* [WHAT YOU ARE ASKED TO DO]: Below is a block of entries; repeat exactly the lines starting at the line that contains "H 1617 1451" and ending at the line that contains "- C64, C69: footprint artix-dc-scm-footprints:0402-cap", both included.

------ RECORDS SHOWN

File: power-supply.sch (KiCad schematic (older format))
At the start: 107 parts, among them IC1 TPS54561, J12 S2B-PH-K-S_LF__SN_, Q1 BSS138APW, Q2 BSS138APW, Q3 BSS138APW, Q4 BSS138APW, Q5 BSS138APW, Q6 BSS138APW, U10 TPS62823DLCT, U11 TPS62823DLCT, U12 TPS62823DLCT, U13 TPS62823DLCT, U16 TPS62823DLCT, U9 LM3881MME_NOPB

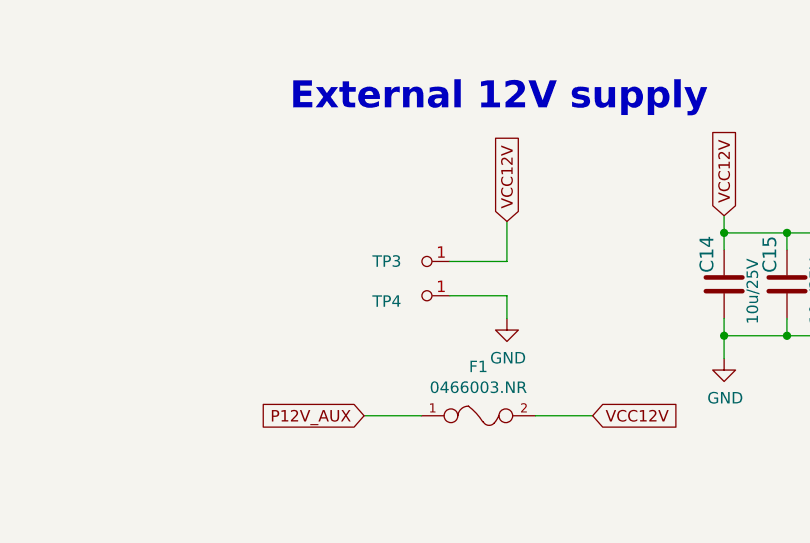
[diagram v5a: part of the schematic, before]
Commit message: Add aux pwr connector
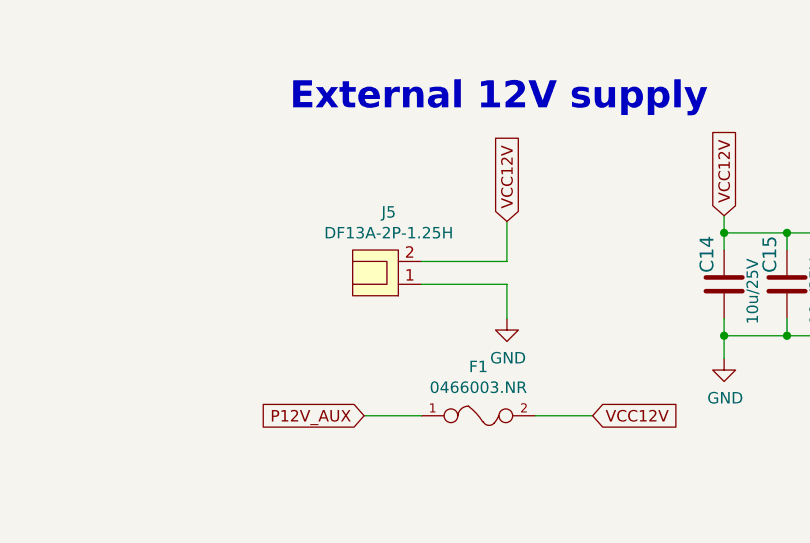
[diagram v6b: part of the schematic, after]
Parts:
- removed TP3, TP4: RCW-0C, artix-dc-scm-footprints:PROBE_PAD_1206, symbol artix-dc-scm:RCW-0C
- added J5: DF13A-2P-1.25H, artix-dc-scm-footprints:DF13A-2P-1.25H, symbol artix-dc-scm:DF13A-2P-1.25H
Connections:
- net GND: now also J5.1
- net VCC12V: now also J5.2
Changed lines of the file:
@@
-	0    1    1    0
-$EndComp
-$Comp
-L artix-dc-scm:RCW-0C TP3
-U 1 1 5FE83A9D
-P 1900 1575
-F 0 "TP3" V 1900 1400 50  0000 C CNN
-F 1 "RCW-0C" V 1766 1622 50  0001 C CNN
-F 2 "artix-dc-scm-footprints:PROBE_PAD_1206" H 2100 1775 60  0001 L CNN
-F 3 "https://www.te.com/commerce/DocumentDelivery/DDEController?Action=srchrtrv&DocNm=1773266&DocType=DS&DocLang=English" H 2100 1875 60  0001 L CNN
-F 4 "RCW-0C" H 2100 2075 60  0001 L CNN "MPN"
-F 5 "TE Connectivity AMP Connectors" H 2100 2675 60  0001 L CNN "Manufacturer"
-	1    1900 1575
-	0    1    1    0
-$EndComp
-$Comp
-L artix-dc-scm:RCW-0C TP4
-U 1 1 5FEA4BA8
-P 1900 1725
-F 0 "TP4" V 1925 1550 50  0000 C CNN
-F 1 "RCW-0C" V 1766 1772 50  0001 C CNN
-F 2 "artix-dc-scm-footprints:PROBE_PAD_1206" H 2100 1925 60  0001 L CNN
-F 3 "https://www.te.com/commerce/DocumentDelivery/DDEController?Action=srchrtrv&DocNm=1773266&DocType=DS&DocLang=English" H 2100 2025 60  0001 L CNN
-F 4 "RCW-0C" H 2100 2225 60  0001 L CNN "MPN"
-F 5 "TE Connectivity AMP Connectors" H 2100 2825 60  0001 L CNN "Manufacturer"
-	1    1900 1725
 	0    1    1    0
 $EndComp
 Text GLabel 2250 1400 1    50   Input ~ 0
 VCC12V
-Wire Wire Line
-	2000 1575 2250 1575
 Wire Wire Line
 	2250 1575 2250 1400
@@
 $EndComp
 Wire Wire Line
-	2000 1725 2250 1725
-Wire Wire Line
-	2250 1725 2250 1825
+	2250 1675 2250 1825
 Text GLabel 1625 2250 0    50   Input ~ 0
 P12V_AUX
@@
 Text Notes 8825 5925 0    50   ~ 0
 3v3 required by I3C translator
+$Comp
+L artix-dc-scm:DF13A-2P-1.25H J5
+U 1 1 601AA6B2
+P 1675 1525
+F 0 "J5" H 1617 1360 50  0000 C CNN
+F 1 "DF13A-2P-1.25H" H 1617 1451 50  0000 C CNN
+F 2 "artix-dc-scm-footprints:DF13A-2P-1.25H" H 1575 1075 50  0001 C CNN
+F 3 "" H 1675 1475 50  0001 C CNN
+F 4 "DF13A-2P-1.25H" H 1725 1275 50  0001 C CNN "MPN"
+F 5 "Hirose" H 1675 1175 50  0001 C CNN "Manufacturer"
+	1    1675 1525
+	-1   0    0    1
+$EndComp
+Wire Wire Line
+	1875 1575 2250 1575
+Wire Wire Line
+	1875 1675 2250 1675
 $EndSCHEMATC

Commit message: Fix USB3300 circuit
-remove 1V8 connection
-add capacitance at internal 1v8 regulators
-apply changes to PCB
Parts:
- C101, C103, C2, C75, C76, C77, C78, C83, C84, C85, C86, C87, C88, C89, C90: footprint artix-dc-scm-footprints:0402-cap -> _autosave-artix-dc-scm-footprints:0402-cap; symbol artix-dc-scm:C_10u_0402 -> _autosave-artix-dc-scm:C_10u_0402
- C14, C15, C16: footprint artix-dc-scm-footprints:0603-cap -> _autosave-artix-dc-scm-footprints:0603-cap; symbol artix-dc-scm:C_10u_25V_0603 -> _autosave-artix-dc-scm:C_10u_25V_0603
- C3, C79, C80, C81, C82: footprint artix-dc-scm-footprints:0402-res -> _autosave-artix-dc-scm-footprints:0402-res; symbol artix-dc-scm:C_120p_0402 -> _autosave-artix-dc-scm:C_120p_0402
- C64, C69: footprint artix-dc-scm-footprints:0402-cap -> _autosave-artix-dc-scm-footprints:0402-cap; symbol artix-dc-scm:C_10n_0402 -> _autosave-artix-dc-scm:C_10n_0402
- C65, C66, C67: footprint artix-dc-scm-footprints:0603-cap -> _autosave-artix-dc-scm-footprints:0603-cap; symbol artix-dc-scm:C_2u2_0603_25V -> _autosave-artix-dc-scm:C_2u2_0603_25V
- C68: footprint artix-dc-scm-footprints:0402-cap -> _autosave-artix-dc-scm-footprints:0402-cap; symbol artix-dc-scm:C_4n7_0402 -> _autosave-artix-dc-scm:C_4n7_0402
- C70: footprint artix-dc-scm-footprints:0402-cap -> _autosave-artix-dc-scm-footprints:0402-cap; symbol artix-dc-scm:C_47p_0402 -> _autosave-artix-dc-scm:C_47p_0402
- C71: footprint artix-dc-scm-footprints:0402-cap -> _autosave-artix-dc-scm-footprints:0402-cap; symbol artix-dc-scm:C_100n_0402-artix-dc-scm -> _autosave-artix-dc-scm:C_100n_0402-artix-dc-scm
- C72, C73, C74: footprint artix-dc-scm-footprints:0603-cap -> _autosave-artix-dc-scm-footprints:0603-cap; symbol artix-dc-scm:C_47u_0603 -> _autosave-artix-dc-scm:C_47u_0603
- D14, D4, D5, D6, D7, D8: footprint artix-dc-scm-footprints:LED_0603 -> _autosave-artix-dc-scm-footprints:LED_0603; symbol artix-dc-scm:LG_L29K-G2J1-24-Z -> _autosave-artix-dc-scm:LG_L29K-G2J1-24-Z
- D3: footprint artix-dc-scm-footprints:PDS760-13 -> _autosave-artix-dc-scm-footprints:PDS760-13; symbol artix-dc-scm:PDS760-13 -> _autosave-artix-dc-scm:PDS760-13
- F1: footprint artix-dc-scm-footprints:1206-Fuse-Littelfuse-0466-0-0-MFG -> _autosave-artix-dc-scm-footprints:1206-Fuse-Littelfuse-0466-0-0-MFG; symbol artix-dc-scm:0466003.NR -> _autosave-artix-dc-scm:0466003.NR
- IC1: footprint artix-dc-scm-footprints:WSON-10_4x4 -> _autosave-artix-dc-scm-footprints:WSON-10_4x4; symbol artix-dc-scm:TPS54561 -> _autosave-artix-dc-scm:TPS54561
- J12: footprint artix-dc-scm-footprints:PinHeader_1x2_P2mm_Drill1mm_RA -> _autosave-artix-dc-scm-footprints:PinHeader_1x2_P2mm_Drill1mm_RA; symbol artix-dc-scm:S2B-PH-K-S_LF__SN_ -> _autosave-artix-dc-scm:S2B-PH-K-S_LF__SN_
- J5: footprint artix-dc-scm-footprints:DF13A-2P-1.25H -> _autosave-artix-dc-scm-footprints:DF13A-2P-1.25H; symbol artix-dc-scm:DF13A-2P-1.25H -> _autosave-artix-dc-scm:DF13A-2P-1.25H
- L1: footprint artix-dc-scm-footprints:WE_7447798720 -> _autosave-artix-dc-scm-footprints:WE_7447798720; symbol artix-dc-scm:WE_7447798720 -> _autosave-artix-dc-scm:WE_7447798720
- L2, L3, L4, L5, L6: footprint artix-dc-scm-footprints:IHLP-1212AE -> _autosave-artix-dc-scm-footprints:IHLP-1212AE; symbol artix-dc-scm:IHLP1212AEERR47M11 -> _autosave-artix-dc-scm:IHLP1212AEERR47M11
- Q1, Q2, Q3, Q4, Q5, Q6: footprint artix-dc-scm-footprints:SC70-3 -> _autosave-artix-dc-scm-footprints:SC70-3; symbol artix-dc-scm:BSS138APW -> _autosave-artix-dc-scm:BSS138APW
- R138, R14, R15, R16, R185: footprint artix-dc-scm-footprints:0402-res -> _autosave-artix-dc-scm-footprints:0402-res; symbol artix-dc-scm:R_0R_0402 -> _autosave-artix-dc-scm:R_0R_0402
- R139, R140, R141, R142, R188: footprint artix-dc-scm-footprints:0603-res -> _autosave-artix-dc-scm-footprints:0603-res; symbol artix-dc-scm:R_0R_0603 -> _autosave-artix-dc-scm:R_0R_0603
- R186, R187, R68, R74, R76, R78, R80: footprint artix-dc-scm-footprints:0402-res -> _autosave-artix-dc-scm-footprints:0402-res; symbol artix-dc-scm:R_100k_0402 -> _autosave-artix-dc-scm:R_100k_0402
- R189, R61, R91, R92, R93: footprint artix-dc-scm-footprints:0402-res -> _autosave-artix-dc-scm-footprints:0402-res; symbol artix-dc-scm:R_10k_0402 -> _autosave-artix-dc-scm:R_10k_0402
- R190, R62, R63, R64, R65, R94, R95, R96, R97, R98: footprint artix-dc-scm-footprints:0402-res -> _autosave-artix-dc-scm-footprints:0402-res; symbol artix-dc-scm:R_1k_0402 -> _autosave-artix-dc-scm:R_1k_0402
- R66: footprint artix-dc-scm-footprints:0402-res -> _autosave-artix-dc-scm-footprints:0402-res; symbol artix-dc-scm:R_16k9_0402 -> _autosave-artix-dc-scm:R_16k9_0402
- R67: footprint artix-dc-scm-footprints:0402-res -> _autosave-artix-dc-scm-footprints:0402-res; symbol artix-dc-scm:R_243k_0402 -> _autosave-artix-dc-scm:R_243k_0402
- R69: footprint artix-dc-scm-footprints:1206-res -> _autosave-artix-dc-scm-footprints:1206-res; symbol artix-dc-scm:R_0R_1206 -> _autosave-artix-dc-scm:R_0R_1206
- R70: footprint artix-dc-scm-footprints:0402-res -> _autosave-artix-dc-scm-footprints:0402-res; symbol artix-dc-scm:R_49R9_0402 -> _autosave-artix-dc-scm:R_49R9_0402
- R71: footprint artix-dc-scm-footprints:0402-res -> _autosave-artix-dc-scm-footprints:0402-res; symbol artix-dc-scm:R_53k6_0402 -> _autosave-artix-dc-scm:R_53k6_0402
- R72: footprint artix-dc-scm-footprints:0402-res -> _autosave-artix-dc-scm-footprints:0402-res; symbol artix-dc-scm:R_10k2_0402 -> _autosave-artix-dc-scm:R_10k2_0402
- R73: footprint artix-dc-scm-footprints:0402-res -> _autosave-artix-dc-scm-footprints:0402-res; symbol artix-dc-scm:R_453k_0402 -> _autosave-artix-dc-scm:R_453k_0402
- R75: footprint artix-dc-scm-footprints:0402-res -> _autosave-artix-dc-scm-footprints:0402-res; symbol artix-dc-scm:R_200k_0402-artix-dc-scm -> _autosave-artix-dc-scm:R_200k_0402-artix-dc-scm
- R77: footprint artix-dc-scm-footprints:0402-res -> _autosave-artix-dc-scm-footprints:0402-res; symbol artix-dc-scm:R_66k5_0402 -> _autosave-artix-dc-scm:R_66k5_0402
- R79: footprint artix-dc-scm-footprints:0402-res -> _autosave-artix-dc-scm-footprints:0402-res; symbol artix-dc-scm:R_124k_0402 -> _autosave-artix-dc-scm:R_124k_0402
- TP1: footprint artix-dc-scm-footprints:Testpoint_smd_1mm -> _autosave-artix-dc-scm-footprints:Testpoint_smd_1mm; symbol artix-dc-scm:TP_SMD1MM -> _autosave-artix-dc-scm:TP_SMD1MM
- U10, U11, U12, U13, U16: footprint artix-dc-scm-footprints:QFN-8_2x1mm -> _autosave-artix-dc-scm-footprints:QFN-8_2x1mm; symbol artix-dc-scm:TPS62823DLCT -> _autosave-artix-dc-scm:TPS62823DLCT
- U9: footprint artix-dc-scm-footprints:VSSOP8-Texas_Instruments-DGK0008A -> _autosave-artix-dc-scm-footprints:VSSOP8-Texas_Instruments-DGK0008A; symbol artix-dc-scm:LM3881MME_NOPB -> _autosave-artix-dc-scm:LM3881MME_NOPB

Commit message: Fixed libs
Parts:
- C101, C103, C2, C75, C76, C77, C78, C83, C84, C85, C86, C87, C88, C89, C90: footprint _autosave-artix-dc-scm-footprints:0402-cap -> artix-dc-scm-footprints:0402-cap; symbol _autosave-artix-dc-scm:C_10u_0402 -> artix-dc-scm:C_10u_0402
- C14, C15, C16: footprint _autosave-artix-dc-scm-footprints:0603-cap -> artix-dc-scm-footprints:0603-cap; symbol _autosave-artix-dc-scm:C_10u_25V_0603 -> artix-dc-scm:C_10u_25V_0603
- C3, C79, C80, C81, C82: footprint _autosave-artix-dc-scm-footprints:0402-res -> artix-dc-scm-footprints:0402-res; symbol _autosave-artix-dc-scm:C_120p_0402 -> artix-dc-scm:C_120p_0402
- C64, C69: footprint _autosave-artix-dc-scm-footprints:0402-cap -> artix-dc-scm-footprints:0402-cap; symbol _autosave-artix-dc-scm:C_10n_0402 -> artix-dc-scm:C_10n_0402
- C65, C66, C67: footprint _autosave-artix-dc-scm-footprints:0603-cap -> artix-dc-scm-footprints:0603-cap; symbol _autosave-artix-dc-scm:C_2u2_0603_25V -> artix-dc-scm:C_2u2_0603_25V
- C68: footprint _autosave-artix-dc-scm-footprints:0402-cap -> artix-dc-scm-footprints:0402-cap; symbol _autosave-artix-dc-scm:C_4n7_0402 -> artix-dc-scm:C_4n7_0402
- C70: footprint _autosave-artix-dc-scm-footprints:0402-cap -> artix-dc-scm-footprints:0402-cap; symbol _autosave-artix-dc-scm:C_47p_0402 -> artix-dc-scm:C_47p_0402
- C71: footprint _autosave-artix-dc-scm-footprints:0402-cap -> artix-dc-scm-footprints:0402-cap; symbol _autosave-artix-dc-scm:C_100n_0402-artix-dc-scm -> artix-dc-scm:C_100n_0402-artix-dc-scm
- C72, C73, C74: footprint _autosave-artix-dc-scm-footprints:0603-cap -> artix-dc-scm-footprints:0603-cap; symbol _autosave-artix-dc-scm:C_47u_0603 -> artix-dc-scm:C_47u_0603
- D14, D4, D5, D6, D7, D8: footprint _autosave-artix-dc-scm-footprints:LED_0603 -> artix-dc-scm-footprints:LED_0603; symbol _autosave-artix-dc-scm:LG_L29K-G2J1-24-Z -> artix-dc-scm:LG_L29K-G2J1-24-Z
- D3: footprint _autosave-artix-dc-scm-footprints:PDS760-13 -> artix-dc-scm-footprints:PDS760-13; symbol _autosave-artix-dc-scm:PDS760-13 -> artix-dc-scm:PDS760-13
- F1: footprint _autosave-artix-dc-scm-footprints:1206-Fuse-Littelfuse-0466-0-0-MFG -> artix-dc-scm-footprints:1206-Fuse-Littelfuse-0466-0-0-MFG; symbol _autosave-artix-dc-scm:0466003.NR -> artix-dc-scm:0466003.NR
- IC1: footprint _autosave-artix-dc-scm-footprints:WSON-10_4x4 -> artix-dc-scm-footprints:WSON-10_4x4; symbol _autosave-artix-dc-scm:TPS54561 -> artix-dc-scm:TPS54561
- J12: footprint _autosave-artix-dc-scm-footprints:PinHeader_1x2_P2mm_Drill1mm_RA -> artix-dc-scm-footprints:PinHeader_1x2_P2mm_Drill1mm_RA; symbol _autosave-artix-dc-scm:S2B-PH-K-S_LF__SN_ -> artix-dc-scm:S2B-PH-K-S_LF__SN_
- J5: footprint _autosave-artix-dc-scm-footprints:DF13A-2P-1.25H -> artix-dc-scm-footprints:DF13A-2P-1.25H; symbol _autosave-artix-dc-scm:DF13A-2P-1.25H -> artix-dc-scm:DF13A-2P-1.25H
- L1: footprint _autosave-artix-dc-scm-footprints:WE_7447798720 -> artix-dc-scm-footprints:WE_7447798720; symbol _autosave-artix-dc-scm:WE_7447798720 -> artix-dc-scm:WE_7447798720
- L2, L3, L4, L5, L6: footprint _autosave-artix-dc-scm-footprints:IHLP-1212AE -> artix-dc-scm-footprints:IHLP-1212AE; symbol _autosave-artix-dc-scm:IHLP1212AEERR47M11 -> artix-dc-scm:IHLP1212AEERR47M11
- Q1, Q2, Q3, Q4, Q5, Q6: footprint _autosave-artix-dc-scm-footprints:SC70-3 -> artix-dc-scm-footprints:SC70-3; symbol _autosave-artix-dc-scm:BSS138APW -> artix-dc-scm:BSS138APW
- R138, R14, R15, R16, R185: footprint _autosave-artix-dc-scm-footprints:0402-res -> artix-dc-scm-footprints:0402-res; symbol _autosave-artix-dc-scm:R_0R_0402 -> artix-dc-scm:R_0R_0402
- R139, R140, R141, R142, R188: footprint _autosave-artix-dc-scm-footprints:0603-res -> artix-dc-scm-footprints:0603-res; symbol _autosave-artix-dc-scm:R_0R_0603 -> artix-dc-scm:R_0R_0603
- R186, R187, R68, R74, R76, R78, R80: footprint _autosave-artix-dc-scm-footprints:0402-res -> artix-dc-scm-footprints:0402-res; symbol _autosave-artix-dc-scm:R_100k_0402 -> artix-dc-scm:R_100k_0402
- R189, R61, R91, R92, R93: footprint _autosave-artix-dc-scm-footprints:0402-res -> artix-dc-scm-footprints:0402-res; symbol _autosave-artix-dc-scm:R_10k_0402 -> artix-dc-scm:R_10k_0402
- R190, R62, R63, R64, R65, R94, R95, R96, R97, R98: footprint _autosave-artix-dc-scm-footprints:0402-res -> artix-dc-scm-footprints:0402-res; symbol _autosave-artix-dc-scm:R_1k_0402 -> artix-dc-scm:R_1k_0402
- R66: footprint _autosave-artix-dc-scm-footprints:0402-res -> artix-dc-scm-footprints:0402-res; symbol _autosave-artix-dc-scm:R_16k9_0402 -> artix-dc-scm:R_16k9_0402
- R67: footprint _autosave-artix-dc-scm-footprints:0402-res -> artix-dc-scm-footprints:0402-res; symbol _autosave-artix-dc-scm:R_243k_0402 -> artix-dc-scm:R_243k_0402
- R69: footprint _autosave-artix-dc-scm-footprints:1206-res -> artix-dc-scm-footprints:1206-res; symbol _autosave-artix-dc-scm:R_0R_1206 -> artix-dc-scm:R_0R_1206
- R70: footprint _autosave-artix-dc-scm-footprints:0402-res -> artix-dc-scm-footprints:0402-res; symbol _autosave-artix-dc-scm:R_49R9_0402 -> artix-dc-scm:R_49R9_0402
- R71: footprint _autosave-artix-dc-scm-footprints:0402-res -> artix-dc-scm-footprints:0402-res; symbol _autosave-artix-dc-scm:R_53k6_0402 -> artix-dc-scm:R_53k6_0402
- R72: footprint _autosave-artix-dc-scm-footprints:0402-res -> artix-dc-scm-footprints:0402-res; symbol _autosave-artix-dc-scm:R_10k2_0402 -> artix-dc-scm:R_10k2_0402
- R73: footprint _autosave-artix-dc-scm-footprints:0402-res -> artix-dc-scm-footprints:0402-res; symbol _autosave-artix-dc-scm:R_453k_0402 -> artix-dc-scm:R_453k_0402
- R75: footprint _autosave-artix-dc-scm-footprints:0402-res -> artix-dc-scm-footprints:0402-res; symbol _autosave-artix-dc-scm:R_200k_0402-artix-dc-scm -> artix-dc-scm:R_200k_0402-artix-dc-scm
- R77: footprint _autosave-artix-dc-scm-footprints:0402-res -> artix-dc-scm-footprints:0402-res; symbol _autosave-artix-dc-scm:R_66k5_0402 -> artix-dc-scm:R_66k5_0402
- R79: footprint _autosave-artix-dc-scm-footprints:0402-res -> artix-dc-scm-footprints:0402-res; symbol _autosave-artix-dc-scm:R_124k_0402 -> artix-dc-scm:R_124k_0402
- TP1: footprint _autosave-artix-dc-scm-footprints:Testpoint_smd_1mm -> artix-dc-scm-footprints:Testpoint_smd_1mm; symbol _autosave-artix-dc-scm:TP_SMD1MM -> artix-dc-scm:TP_SMD1MM
- U10, U11, U12, U13, U16: footprint _autosave-artix-dc-scm-footprints:QFN-8_2x1mm -> artix-dc-scm-footprints:QFN-8_2x1mm; symbol _autosave-artix-dc-scm:TPS62823DLCT -> artix-dc-scm:TPS62823DLCT
- U9: footprint _autosave-artix-dc-scm-footprints:VSSOP8-Texas_Instruments-DGK0008A -> artix-dc-scm-footprints:VSSOP8-Texas_Instruments-DGK0008A; symbol _autosave-artix-dc-scm:LM3881MME_NOPB -> artix-dc-scm:LM3881MME_NOPB

------------

* [ANSWER BOX]:
+F 1 "DF13A-2P-1.25H" H 1617 1451 50  0000 C CNN
+F 2 "artix-dc-scm-footprints:DF13A-2P-1.25H" H 1575 1075 50  0001 C CNN
+F 3 "" H 1675 1475 50  0001 C CNN
+F 4 "DF13A-2P-1.25H" H 1725 1275 50  0001 C CNN "MPN"
+F 5 "Hirose" H 1675 1175 50  0001 C CNN "Manufacturer"
+	1    1675 1525
+	-1   0    0    1
+$EndComp
+Wire Wire Line
+	1875 1575 2250 1575
+Wire Wire Line
+	1875 1675 2250 1675
 $EndSCHEMATC

Commit message: Fix USB3300 circuit
-remove 1V8 connection
-add capacitance at internal 1v8 regulators
-apply changes to PCB
Parts:
- C101, C103, C2, C75, C76, C77, C78, C83, C84, C85, C86, C87, C88, C89, C90: footprint artix-dc-scm-footprints:0402-cap -> _autosave-artix-dc-scm-footprints:0402-cap; symbol artix-dc-scm:C_10u_0402 -> _autosave-artix-dc-scm:C_10u_0402
- C14, C15, C16: footprint artix-dc-scm-footprints:0603-cap -> _autosave-artix-dc-scm-footprints:0603-cap; symbol artix-dc-scm:C_10u_25V_0603 -> _autosave-artix-dc-scm:C_10u_25V_0603
- C3, C79, C80, C81, C82: footprint artix-dc-scm-footprints:0402-res -> _autosave-artix-dc-scm-footprints:0402-res; symbol artix-dc-scm:C_120p_0402 -> _autosave-artix-dc-scm:C_120p_0402
- C64, C69: footprint artix-dc-scm-footprints:0402-cap -> _autosave-artix-dc-scm-footprints:0402-cap; symbol artix-dc-scm:C_10n_0402 -> _autosave-artix-dc-scm:C_10n_0402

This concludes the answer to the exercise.